I swear she was trying to test my patience.

I ignored her. Ok - the first couple of times I laughed at her. Then I started groaning- quietly.

I come in today and her food bowl is tipped upside down...and where she'd knocked her food out - is empty.

I looked at her as she looked at that and then looked at me and sort of gave me pretty girl eyes. I said, "I'm sorry but you're not getting any more food till suppertime."

She went over and moved her bowl around. I said, "You can have food at suppertime."

She thumped at me.

About an hour or so later - Robin came in and we were talking. She asked me how the new gal was - I told her about the noises, the interaction, etc.

So she goes over - sets her bowl upright. The doe is watching Robin with interested eyes. Robin grabs a small handful of food out of Zeus' bowl and stands back.

What does the doe do? Does she grunt/growl/snort and growl?

No...she ever so daintily goes over to the food bowl...grab a mouthful....and eat quietly.

Then she raises her eyes up towards Robin as if to say, "You don't really think I'd act the way that woman said...do you?".....and she goes back to DAINTILY eating her food....QUIETLY.

:banghead

I'd give up - but then she wins!

So....for my Cali blog - I introduce....

George:

(Trying to cheer up a friend here)












Gracie:











and she who has no name (YET):


----------



## Alexah (Apr 6, 2008)

I like the title of your thread, but to be honest, I'm not a huge fan of the song either .

I tend to forget about the blogs, but I'm going to try really hard to stay on track with your blog and a couple of others. Maybe I'll even work on my own. Who knows.

I've not had the most positive of experiences with Californians. But, I've been looking at pictures of your trio and I have got to say they've stolen my heart. I'm really interested in seeing and hearing more about George, Gracie, and little Miss no-name. And, so far, I'm loving reading about her personality - and what a BIG one she has!

Congratulations to you, George, Gracie, and your new "liar and cheat!"


----------



## TinysMom (Apr 6, 2008)

I'm looking at this site for rabbit names:

http://www.pet-rabbit-care-information.com/unique-pet-names.htm

So many to pick from....


----------



## Alexah (Apr 6, 2008)

OMG...I'm SO addicted to that name website now. Thanks for posting it. I'm looking at it now too as I may have something in the works rabbit-wise (this was pre-Lennox, so I'm torn at the moment) but I'll gladly add some names I like for you to think about too.

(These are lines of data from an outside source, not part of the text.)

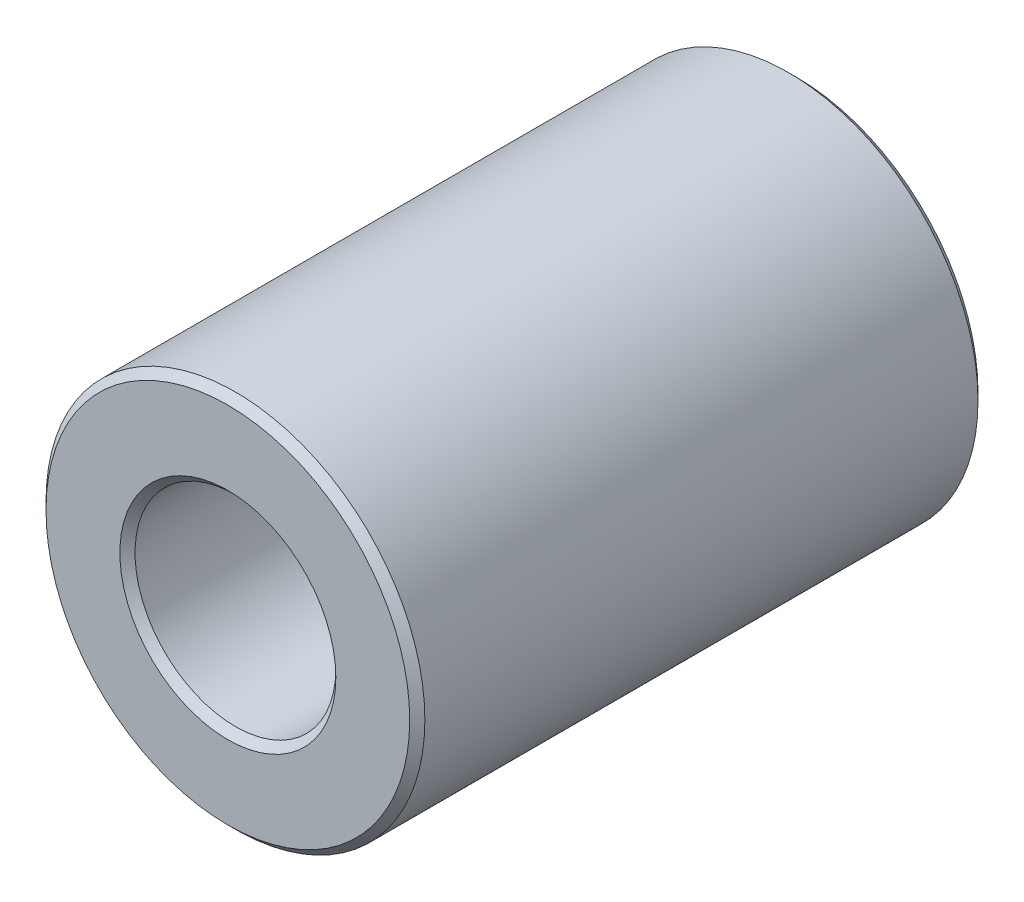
ISO-10303-21;
HEADER;
FILE_DESCRIPTION(('STEP AP214'),'2;1');
FILE_NAME('part.step','',(''),(''),'','','');
FILE_SCHEMA(('AUTOMOTIVE_DESIGN { 1 0 10303 214 1 1 1 1 }'));
ENDSEC;
DATA;
#1=APPLICATION_CONTEXT('core data for automotive mechanical design processes');
#2=APPLICATION_PROTOCOL_DEFINITION('international standard','automotive_design',2000,#1);
#3=PRODUCT_CONTEXT('',#1,'mechanical');
#4=PRODUCT('Part','Part','',(#3));
#5=PRODUCT_RELATED_PRODUCT_CATEGORY('part','',(#4));
#6=PRODUCT_DEFINITION_FORMATION('','',#4);
#7=PRODUCT_DEFINITION_CONTEXT('part definition',#1,'design');
#8=PRODUCT_DEFINITION('design','',#6,#7);
#9=PRODUCT_DEFINITION_SHAPE('','',#8);
#10=(LENGTH_UNIT() NAMED_UNIT(*) SI_UNIT(.MILLI.,.METRE.));
#11=(NAMED_UNIT(*) PLANE_ANGLE_UNIT() SI_UNIT($,.RADIAN.));
#12=(NAMED_UNIT(*) SI_UNIT($,.STERADIAN.) SOLID_ANGLE_UNIT());
#13=UNCERTAINTY_MEASURE_WITH_UNIT(LENGTH_MEASURE(1.E-05),#10,'distance_accuracy_value','');
#14=(GEOMETRIC_REPRESENTATION_CONTEXT(3) GLOBAL_UNCERTAINTY_ASSIGNED_CONTEXT((#13)) GLOBAL_UNIT_ASSIGNED_CONTEXT((#10,
#11,#12)) REPRESENTATION_CONTEXT('',''));
#15=CARTESIAN_POINT('',(0.,0.,0.));
#16=DIRECTION('',(0.,0.,1.));
#17=DIRECTION('',(1.,0.,0.));
#18=AXIS2_PLACEMENT_3D('',#15,#16,#17);
#19=CARTESIAN_POINT('',(0.,0.,7.5));
#20=DIRECTION('',(0.,0.,1.));
#21=DIRECTION('',(1.,0.,0.));
#22=AXIS2_PLACEMENT_3D('',#19,#20,#21);
#23=PLANE('',#22);
#24=CARTESIAN_POINT('',(0.,0.,7.5));
#25=DIRECTION('',(0.,0.,1.));
#26=DIRECTION('',(1.,0.,0.));
#27=AXIS2_PLACEMENT_3D('',#24,#25,#26);
#28=CIRCLE('',#27,2.85);
#29=CARTESIAN_POINT('',(2.85,0.,7.5));
#30=VERTEX_POINT('',#29);
#31=EDGE_CURVE('E10',#30,#30,#28,.F.);
#32=ORIENTED_EDGE('',*,*,#31,.T.);
#33=EDGE_LOOP('',(#32));
#34=FACE_BOUND('',#33,.T.);
#35=CARTESIAN_POINT('',(0.,0.,7.5));
#36=DIRECTION('',(0.,0.,1.));
#37=DIRECTION('',(1.,0.,0.));
#38=AXIS2_PLACEMENT_3D('',#35,#36,#37);
#39=CIRCLE('',#38,4.8);
#40=CARTESIAN_POINT('',(-4.8,0.,7.5));
#41=VERTEX_POINT('',#40);
#42=EDGE_CURVE('E45',#41,#41,#39,.T.);
#43=ORIENTED_EDGE('',*,*,#42,.T.);
#44=EDGE_LOOP('',(#43));
#45=FACE_BOUND('',#44,.T.);
#46=ADVANCED_FACE('F37',(#34,#45),#23,.T.);
#47=CARTESIAN_POINT('',(0.,0.,-7.5));
#48=DIRECTION('',(0.,0.,1.));
#49=DIRECTION('',(1.,0.,0.));
#50=AXIS2_PLACEMENT_3D('',#47,#48,#49);
#51=PLANE('',#50);
#52=CARTESIAN_POINT('',(0.,0.,-7.5));
#53=DIRECTION('',(0.,0.,1.));
#54=DIRECTION('',(1.,0.,0.));
#55=AXIS2_PLACEMENT_3D('',#52,#53,#54);
#56=CIRCLE('',#55,4.8);
#57=CARTESIAN_POINT('',(4.8,0.,-7.5));
#58=VERTEX_POINT('',#57);
#59=EDGE_CURVE('E62',#58,#58,#56,.F.);
#60=ORIENTED_EDGE('',*,*,#59,.T.);
#61=EDGE_LOOP('',(#60));
#62=FACE_BOUND('',#61,.T.);
#63=CARTESIAN_POINT('',(0.,0.,-7.5));
#64=DIRECTION('',(0.,0.,1.));
#65=DIRECTION('',(1.,0.,0.));
#66=AXIS2_PLACEMENT_3D('',#63,#64,#65);
#67=CIRCLE('',#66,2.85);
#68=CARTESIAN_POINT('',(2.85,0.,-7.5));
#69=VERTEX_POINT('',#68);
#70=EDGE_CURVE('E66',#69,#69,#67,.T.);
#71=ORIENTED_EDGE('',*,*,#70,.T.);
#72=EDGE_LOOP('',(#71));
#73=FACE_BOUND('',#72,.T.);
#74=ADVANCED_FACE('F89',(#62,#73),#51,.F.);
#75=CARTESIAN_POINT('',(0.,0.,7.5));
#76=DIRECTION('',(0.,0.,-1.));
#77=DIRECTION('',(-1.,0.,0.));
#78=AXIS2_PLACEMENT_3D('',#75,#76,#77);
#79=CYLINDRICAL_SURFACE('',#78,5.);
#80=CARTESIAN_POINT('',(0.,0.,-7.3));
#81=DIRECTION('',(0.,0.,1.));
#82=DIRECTION('',(1.,0.,0.));
#83=AXIS2_PLACEMENT_3D('',#80,#81,#82);
#84=CIRCLE('',#83,5.);
#85=CARTESIAN_POINT('',(5.,0.,-7.3));
#86=VERTEX_POINT('',#85);
#87=EDGE_CURVE('E70',#86,#86,#84,.T.);
#88=ORIENTED_EDGE('',*,*,#87,.T.);
#89=EDGE_LOOP('',(#88));
#90=FACE_BOUND('',#89,.T.);
#91=CARTESIAN_POINT('',(0.,0.,7.3));
#92=DIRECTION('',(0.,0.,1.));
#93=DIRECTION('',(1.,0.,0.));
#94=AXIS2_PLACEMENT_3D('',#91,#92,#93);
#95=CIRCLE('',#94,5.);
#96=CARTESIAN_POINT('',(-5.,0.,7.3));
#97=VERTEX_POINT('',#96);
#98=EDGE_CURVE('E73',#97,#97,#95,.F.);
#99=ORIENTED_EDGE('',*,*,#98,.T.);
#100=EDGE_LOOP('',(#99));
#101=FACE_BOUND('',#100,.T.);
#102=ADVANCED_FACE('F78',(#90,#101),#79,.T.);
#103=CARTESIAN_POINT('',(0.,0.,7.5));
#104=DIRECTION('',(0.,0.,-1.));
#105=DIRECTION('',(-1.,0.,0.));
#106=AXIS2_PLACEMENT_3D('',#103,#104,#105);
#107=CYLINDRICAL_SURFACE('',#106,2.65);
#108=CARTESIAN_POINT('',(0.,0.,-7.3));
#109=DIRECTION('',(0.,0.,1.));
#110=DIRECTION('',(1.,0.,0.));
#111=AXIS2_PLACEMENT_3D('',#108,#109,#110);
#112=CIRCLE('',#111,2.65);
#113=CARTESIAN_POINT('',(2.65,0.,-7.3));
#114=VERTEX_POINT('',#113);
#115=EDGE_CURVE('E51',#114,#114,#112,.F.);
#116=ORIENTED_EDGE('',*,*,#115,.T.);
#117=EDGE_LOOP('',(#116));
#118=FACE_BOUND('',#117,.T.);
#119=CARTESIAN_POINT('',(0.,0.,7.3));
#120=DIRECTION('',(0.,0.,1.));
#121=DIRECTION('',(1.,0.,0.));
#122=AXIS2_PLACEMENT_3D('',#119,#120,#121);
#123=CIRCLE('',#122,2.65);
#124=CARTESIAN_POINT('',(2.65,0.,7.3));
#125=VERTEX_POINT('',#124);
#126=EDGE_CURVE('E56',#125,#125,#123,.T.);
#127=ORIENTED_EDGE('',*,*,#126,.T.);
#128=EDGE_LOOP('',(#127));
#129=FACE_BOUND('',#128,.T.);
#130=ADVANCED_FACE('F97',(#118,#129),#107,.F.);
#131=CARTESIAN_POINT('',(0.,0.,-7.3));
#132=DIRECTION('',(0.,0.,1.));
#133=DIRECTION('',(1.,0.,0.));
#134=AXIS2_PLACEMENT_3D('',#131,#132,#133);
#135=CONICAL_SURFACE('',#134,5.,0.785398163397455);
#136=ORIENTED_EDGE('',*,*,#59,.F.);
#137=EDGE_LOOP('',(#136));
#138=FACE_BOUND('',#137,.T.);
#139=ORIENTED_EDGE('',*,*,#87,.F.);
#140=EDGE_LOOP('',(#139));
#141=FACE_BOUND('',#140,.T.);
#142=ADVANCED_FACE('F102',(#138,#141),#135,.T.);
#143=CARTESIAN_POINT('',(0.,0.,-7.5));
#144=DIRECTION('',(0.,0.,-1.));
#145=DIRECTION('',(-1.,0.,0.));
#146=AXIS2_PLACEMENT_3D('',#143,#144,#145);
#147=CONICAL_SURFACE('',#146,2.85,0.785398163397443);
#148=ORIENTED_EDGE('',*,*,#115,.F.);
#149=EDGE_LOOP('',(#148));
#150=FACE_BOUND('',#149,.T.);
#151=ORIENTED_EDGE('',*,*,#70,.F.);
#152=EDGE_LOOP('',(#151));
#153=FACE_BOUND('',#152,.T.);
#154=ADVANCED_FACE('F86',(#150,#153),#147,.F.);
#155=CARTESIAN_POINT('',(0.,0.,7.3));
#156=DIRECTION('',(0.,0.,1.));
#157=DIRECTION('',(1.,0.,0.));
#158=AXIS2_PLACEMENT_3D('',#155,#156,#157);
#159=CONICAL_SURFACE('',#158,2.65,0.785398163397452);
#160=ORIENTED_EDGE('',*,*,#31,.F.);
#161=EDGE_LOOP('',(#160));
#162=FACE_BOUND('',#161,.T.);
#163=ORIENTED_EDGE('',*,*,#126,.F.);
#164=EDGE_LOOP('',(#163));
#165=FACE_BOUND('',#164,.T.);
#166=ADVANCED_FACE('F82',(#162,#165),#159,.F.);
#167=CARTESIAN_POINT('',(0.,0.,7.5));
#168=DIRECTION('',(0.,0.,-1.));
#169=DIRECTION('',(-1.,0.,0.));
#170=AXIS2_PLACEMENT_3D('',#167,#168,#169);
#171=CONICAL_SURFACE('',#170,4.8,0.785398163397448);
#172=CARTESIAN_POINT('',(-5.,0.,7.3));
#173=CARTESIAN_POINT('',(-4.99791666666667,0.,7.30208333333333));
#174=CARTESIAN_POINT('',(-4.99583333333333,0.,7.30416666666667));
#175=CARTESIAN_POINT('',(-4.99166666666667,0.,7.30833333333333));
#176=CARTESIAN_POINT('',(-4.98958333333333,0.,7.31041666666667));
#177=CARTESIAN_POINT('',(-4.98541666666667,0.,7.31458333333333));
#178=CARTESIAN_POINT('',(-4.98333333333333,0.,7.31666666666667));
#179=CARTESIAN_POINT('',(-4.97916666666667,0.,7.32083333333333));
#180=CARTESIAN_POINT('',(-4.97708333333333,0.,7.32291666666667));
#181=CARTESIAN_POINT('',(-4.97291666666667,0.,7.32708333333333));
#182=CARTESIAN_POINT('',(-4.97083333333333,0.,7.32916666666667));
#183=CARTESIAN_POINT('',(-4.96666666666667,0.,7.33333333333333));
#184=CARTESIAN_POINT('',(-4.96458333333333,0.,7.33541666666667));
#185=CARTESIAN_POINT('',(-4.96041666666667,0.,7.33958333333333));
#186=CARTESIAN_POINT('',(-4.95833333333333,0.,7.34166666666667));
#187=CARTESIAN_POINT('',(-4.95416666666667,0.,7.34583333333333));
#188=CARTESIAN_POINT('',(-4.95208333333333,0.,7.34791666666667));
#189=CARTESIAN_POINT('',(-4.94791666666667,0.,7.35208333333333));
#190=CARTESIAN_POINT('',(-4.94583333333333,0.,7.35416666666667));
#191=CARTESIAN_POINT('',(-4.94166666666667,0.,7.35833333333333));
#192=CARTESIAN_POINT('',(-4.93958333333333,0.,7.36041666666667));
#193=CARTESIAN_POINT('',(-4.93541666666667,0.,7.36458333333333));
#194=CARTESIAN_POINT('',(-4.93333333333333,0.,7.36666666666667));
#195=CARTESIAN_POINT('',(-4.92916666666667,0.,7.37083333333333));
#196=CARTESIAN_POINT('',(-4.92708333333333,0.,7.37291666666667));
#197=CARTESIAN_POINT('',(-4.92291666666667,0.,7.37708333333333));
#198=CARTESIAN_POINT('',(-4.92083333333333,0.,7.37916666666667));
#199=CARTESIAN_POINT('',(-4.91666666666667,0.,7.38333333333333));
#200=CARTESIAN_POINT('',(-4.91458333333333,0.,7.38541666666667));
#201=CARTESIAN_POINT('',(-4.91041666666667,0.,7.38958333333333));
#202=CARTESIAN_POINT('',(-4.90833333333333,0.,7.39166666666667));
#203=CARTESIAN_POINT('',(-4.90416666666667,0.,7.39583333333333));
#204=CARTESIAN_POINT('',(-4.90208333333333,0.,7.39791666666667));
#205=CARTESIAN_POINT('',(-4.89791666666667,0.,7.40208333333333));
#206=CARTESIAN_POINT('',(-4.89583333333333,0.,7.40416666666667));
#207=CARTESIAN_POINT('',(-4.89166666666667,0.,7.40833333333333));
#208=CARTESIAN_POINT('',(-4.88958333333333,0.,7.41041666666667));
#209=CARTESIAN_POINT('',(-4.88541666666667,0.,7.41458333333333));
#210=CARTESIAN_POINT('',(-4.88333333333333,0.,7.41666666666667));
#211=CARTESIAN_POINT('',(-4.87916666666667,0.,7.42083333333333));
#212=CARTESIAN_POINT('',(-4.87708333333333,0.,7.42291666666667));
#213=CARTESIAN_POINT('',(-4.87291666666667,0.,7.42708333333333));
#214=CARTESIAN_POINT('',(-4.87083333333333,0.,7.42916666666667));
#215=CARTESIAN_POINT('',(-4.86666666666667,0.,7.43333333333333));
#216=CARTESIAN_POINT('',(-4.86458333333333,0.,7.43541666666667));
#217=CARTESIAN_POINT('',(-4.86041666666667,0.,7.43958333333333));
#218=CARTESIAN_POINT('',(-4.85833333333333,0.,7.44166666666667));
#219=CARTESIAN_POINT('',(-4.85416666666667,0.,7.44583333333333));
#220=CARTESIAN_POINT('',(-4.85208333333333,0.,7.44791666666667));
#221=CARTESIAN_POINT('',(-4.84791666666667,0.,7.45208333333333));
#222=CARTESIAN_POINT('',(-4.84583333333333,0.,7.45416666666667));
#223=CARTESIAN_POINT('',(-4.84166666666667,0.,7.45833333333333));
#224=CARTESIAN_POINT('',(-4.83958333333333,0.,7.46041666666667));
#225=CARTESIAN_POINT('',(-4.83541666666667,0.,7.46458333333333));
#226=CARTESIAN_POINT('',(-4.83333333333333,0.,7.46666666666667));
#227=CARTESIAN_POINT('',(-4.82916666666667,0.,7.47083333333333));
#228=CARTESIAN_POINT('',(-4.82708333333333,0.,7.47291666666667));
#229=CARTESIAN_POINT('',(-4.82291666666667,0.,7.47708333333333));
#230=CARTESIAN_POINT('',(-4.82083333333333,0.,7.47916666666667));
#231=CARTESIAN_POINT('',(-4.81666666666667,0.,7.48333333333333));
#232=CARTESIAN_POINT('',(-4.81458333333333,0.,7.48541666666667));
#233=CARTESIAN_POINT('',(-4.81041666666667,0.,7.48958333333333));
#234=CARTESIAN_POINT('',(-4.80833333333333,0.,7.49166666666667));
#235=CARTESIAN_POINT('',(-4.80416666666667,0.,7.49583333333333));
#236=CARTESIAN_POINT('',(-4.80208333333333,0.,7.49791666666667));
#237=CARTESIAN_POINT('',(-4.8,0.,7.5));
#238=B_SPLINE_CURVE_WITH_KNOTS('',3,(#172,#173,#174,#175,#176,#177,#178,#179,#180,#181,#182,
#183,#184,#185,#186,#187,#188,#189,#190,#191,#192,#193,#194,#195,#196,#197,#198,#199,#200,#201,
#202,#203,#204,#205,#206,#207,#208,#209,#210,#211,#212,#213,#214,#215,#216,#217,#218,#219,#220,
#221,#222,#223,#224,#225,#226,#227,#228,#229,#230,#231,#232,#233,#234,#235,#236,#237),
.UNSPECIFIED.,.F.,.F.,(4,2,2,2,2,2,2,2,2,2,2,2,2,2,2,2,2,2,2,2,2,2,2,2,2,2,2,2,2,2,2,2,4),(0.,
0.00883883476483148,0.0176776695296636,0.0265165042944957,0.0353553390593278,0.0441941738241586,
0.0530330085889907,0.0618718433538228,0.0707106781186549,0.0795495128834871,0.0883883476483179,
0.09722718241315,0.106066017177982,0.114904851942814,0.123743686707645,0.132582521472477,
0.141421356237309,0.150260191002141,0.159099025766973,0.167937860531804,0.176776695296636,
0.185615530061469,0.194454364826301,0.203293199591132,0.212132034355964,0.220970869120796,
0.229809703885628,0.23864853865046,0.247487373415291,0.256326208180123,0.265165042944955,
0.274003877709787,0.282842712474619),.UNSPECIFIED.);
#239=EDGE_CURVE('BSEAM39',#97,#41,#238,.T.);
#240=ORIENTED_EDGE('',*,*,#98,.F.);
#241=ORIENTED_EDGE('',*,*,#42,.F.);
#242=ORIENTED_EDGE('',*,*,#239,.T.);
#243=ORIENTED_EDGE('',*,*,#239,.F.);
#244=EDGE_LOOP('',(#240,#242,#241,#243));
#245=FACE_BOUND('',#244,.T.);
#246=ADVANCED_FACE('F39',(#245),#171,.T.);
#247=CLOSED_SHELL('',(#46,#74,#102,#130,#142,#154,#166,#246));
#248=MANIFOLD_SOLID_BREP('B2',#247);
#249=ADVANCED_BREP_SHAPE_REPRESENTATION('',(#18,#248),#14);
#250=SHAPE_DEFINITION_REPRESENTATION(#9,#249);
ENDSEC;
END-ISO-10303-21;
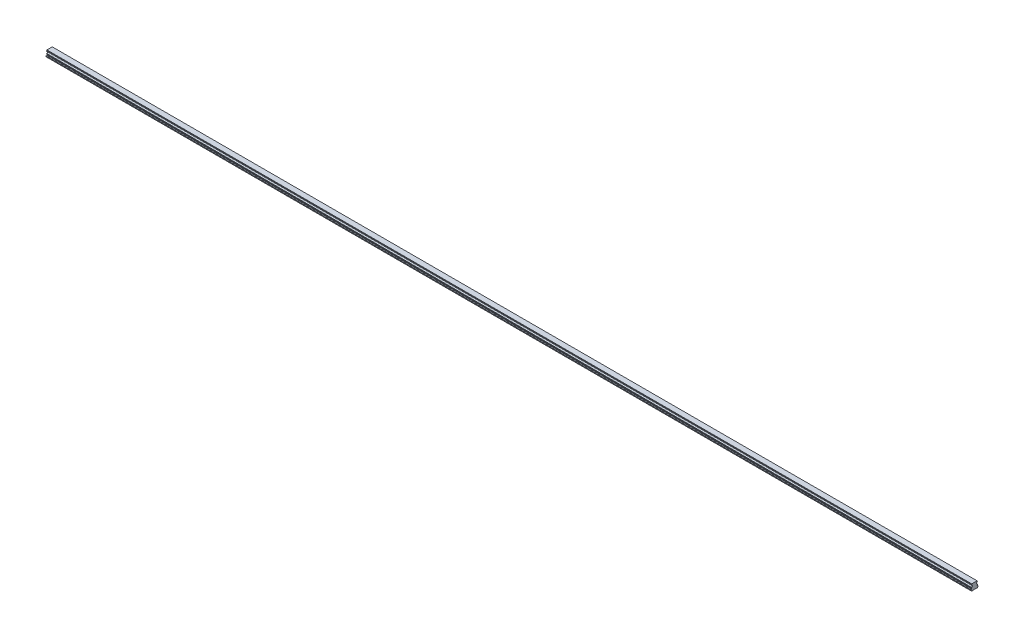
from build123d import *

# Parameters (mm, degrees)
BOSS_EXTRUDE1_DEPTH        = 3240
SKETCH3_R                  = 3
SKETCH3_R_2                = 2.5
CUT_EXTRUDE3_DEPTH         = 12
SKETCH3_2_R                = 2.5
CUT_EXTRUDE4_DEPTH         = 15
CHAMFER1_SIZE              = 0.5
LPATTERN4_COUNT            = 54
LPATTERN4_PITCH            = 60
CHAMFER1_OF_LPATTERN4_SIZE = 0.5


with BuildPart() as part:
    # Sketch1 → Boss-Extrude1 (new body)
    with BuildSketch(Plane(origin=(0, 0, 0), x_dir=(0, 0, -1), z_dir=(1, 0, 0))):
        with BuildLine():
            Line((9.375, 21.8), (-9.375, 21.8))
            Line((-9.375, 21.8), (-9.375, 20.756))
            Line((-9.375, 20.756), (-10, 19.415683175))
            Line((-10, 19.415683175), (-10, 17.685449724))
            ThreePointArc((-10, 17.685449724), (-7.2, 14.6), (-10, 11.514550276))
            Line((-10, 11.514550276), (-10, 9.784316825))
            Line((-10, 9.784316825), (-9.375, 8.444))
            Line((-9.375, 8.444), (-9.922688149, 6.4))
            Line((-9.922688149, 6.4), (-12.5, 5.489338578))
            Line((-12.5, 5.489338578), (-12.5, 2.65))
            Line((-12.5, 2.65), (-9.85, 0))
            Line((-9.85, 0), (-5.5, 0))
            Line((-5.5, 0), (-5, 0.5))
            Line((-5, 0.5), (5, 0.5))
            Line((5, 0.5), (5.5, 0))
            Line((5.5, 0), (9.85, 0))
            Line((9.85, 0), (12.5, 2.65))
            Line((12.5, 2.65), (12.5, 5.489338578))
            Line((12.5, 5.489338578), (9.922688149, 6.4))
            Line((9.922688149, 6.4), (9.375, 8.444))
            Line((9.375, 8.444), (10, 9.784316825))
            Line((10, 9.784316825), (10, 11.514550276))
            ThreePointArc((10, 11.514550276), (7.2, 14.6), (10, 17.685449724))
            Line((10, 17.685449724), (10, 19.415683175))
            Line((10, 19.415683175), (9.375, 20.756))
            Line((9.375, 20.756), (9.375, 21.8))
        make_face()
    extrude(amount=BOSS_EXTRUDE1_DEPTH)

    # Sketch3 → Cut-Extrude3 (cut)
    with BuildSketch(Plane.XZ):
        with Locations(Location((30, 0, 0), (0, 0, 270))):
            Circle(SKETCH3_R)
        with Locations(Location((30, 0, 0), (0, 0, 270))):
            Circle(SKETCH3_R_2, mode=Mode.SUBTRACT)
    cut_extrude3 = extrude(amount=-CUT_EXTRUDE3_DEPTH, mode=Mode.SUBTRACT)

    # Sketch3_2 → Cut-Extrude4 (cut)
    with BuildSketch(Plane.XZ):
        with Locations(Location((30, 0, 0), (0, 0, 270))):
            Circle(SKETCH3_2_R)
    cut_extrude4 = extrude(amount=-CUT_EXTRUDE4_DEPTH, mode=Mode.SUBTRACT)

    # Cut-Extrude5 cone 1 section (on through the dimple's axis) → Cut-Extrude5 (revolve, cut)
    with BuildSketch(Plane(origin=(30, 15, 0), x_dir=(0, 0, -1), z_dir=(1, 0, 0))):
        Polygon((0, 0), (2.5, 0), (0, 1.443375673), align=None)
    cut_extrude5 = revolve(axis=Axis((30, 15, 0), (0, 1, 0)), mode=Mode.SUBTRACT)

    # Chamfer1
    chamfer1_edges = [part.edges().sort_by_distance(p)[0] for p in [
        (30, 0.5, 3),
    ]]
    chamfer(chamfer1_edges, length=CHAMFER1_SIZE)

    # LPattern4: Cut-Extrude3, Cut-Extrude4, Cut-Extrude5 ×54
    with Locations(*[(i * LPATTERN4_PITCH, 0, 0) for i in range(1, LPATTERN4_COUNT)]):
        add(cut_extrude3, mode=Mode.SUBTRACT)
        add(cut_extrude4, mode=Mode.SUBTRACT)
        add(cut_extrude5, mode=Mode.SUBTRACT)

    # Chamfer1 of LPattern4
    chamfer1_of_lpattern4_edges = [part.edges().sort_by_distance(p)[0] for p in [
        (90, 0.5, 3),
        (150, 0.5, 3),
        (210, 0.5, 3),
        (270, 0.5, 3),
        (330, 0.5, 3),
        (390, 0.5, 3),
        (450, 0.5, 3),
        (510, 0.5, 3),
        (570, 0.5, 3),
        (630, 0.5, 3),
        (690, 0.5, 3),
        (750, 0.5, 3),
        (810, 0.5, 3),
        (870, 0.5, 3),
        (930, 0.5, 3),
        (990, 0.5, 3),
        (1050, 0.5, 3),
        (1110, 0.5, 3),
        (1170, 0.5, 3),
        (1230, 0.5, 3),
        (1290, 0.5, 3),
        (1350, 0.5, 3),
        (1410, 0.5, 3),
        (1470, 0.5, 3),
        (1530, 0.5, 3),
        (1590, 0.5, 3),
        (1650, 0.5, 3),
        (1710, 0.5, 3),
        (1770, 0.5, 3),
        (1830, 0.5, 3),
        (1890, 0.5, 3),
        (1950, 0.5, 3),
        (2010, 0.5, 3),
        (2070, 0.5, 3),
        (2130, 0.5, 3),
        (2190, 0.5, 3),
        (2250, 0.5, 3),
        (2310, 0.5, 3),
        (2370, 0.5, 3),
        (2430, 0.5, 3),
        (2490, 0.5, 3),
        (2550, 0.5, 3),
        (2610, 0.5, 3),
        (2670, 0.5, 3),
        (2730, 0.5, 3),
        (2790, 0.5, 3),
        (2850, 0.5, 3),
        (2910, 0.5, 3),
        (2970, 0.5, 3),
        (3030, 0.5, 3),
        (3090, 0.5, 3),
        (3150, 0.5, 3),
        (3210, 0.5, 3),
    ]]
    chamfer(chamfer1_of_lpattern4_edges, length=CHAMFER1_OF_LPATTERN4_SIZE)


solid = part.part

I love naming bunnies, animals, people, inanimate objects...and anything else !


----------



## Alexah (Apr 6, 2008)

These are some names I was thinking of for your new cutie-girl:

-- Gemma (going with the "G" name thing you've got with George and Gracie)
-- Lola (goes with the Lolita you were thinking of, but not so quite...well you know)
-- Serena (because her life will be "serene" and safe from now on)
-- Faith (kind of goes with the Hope thing)
-- Marlowe (I just like the name - I think it's cute and unusual)
-- Charity (you showed her charity by adopting her)
-- Willow (it's cute)
-- Ava (I think it's a pretty name)
-- Arlyn (again, I think it's cute)
-- Sally (I don't know why- she looks like a Sally to me)

Hope some of these help!


----------



## TinysMom (Apr 7, 2008)

I've NAMED her....

I decided to go with the theme of "G" since I have George and Gracie...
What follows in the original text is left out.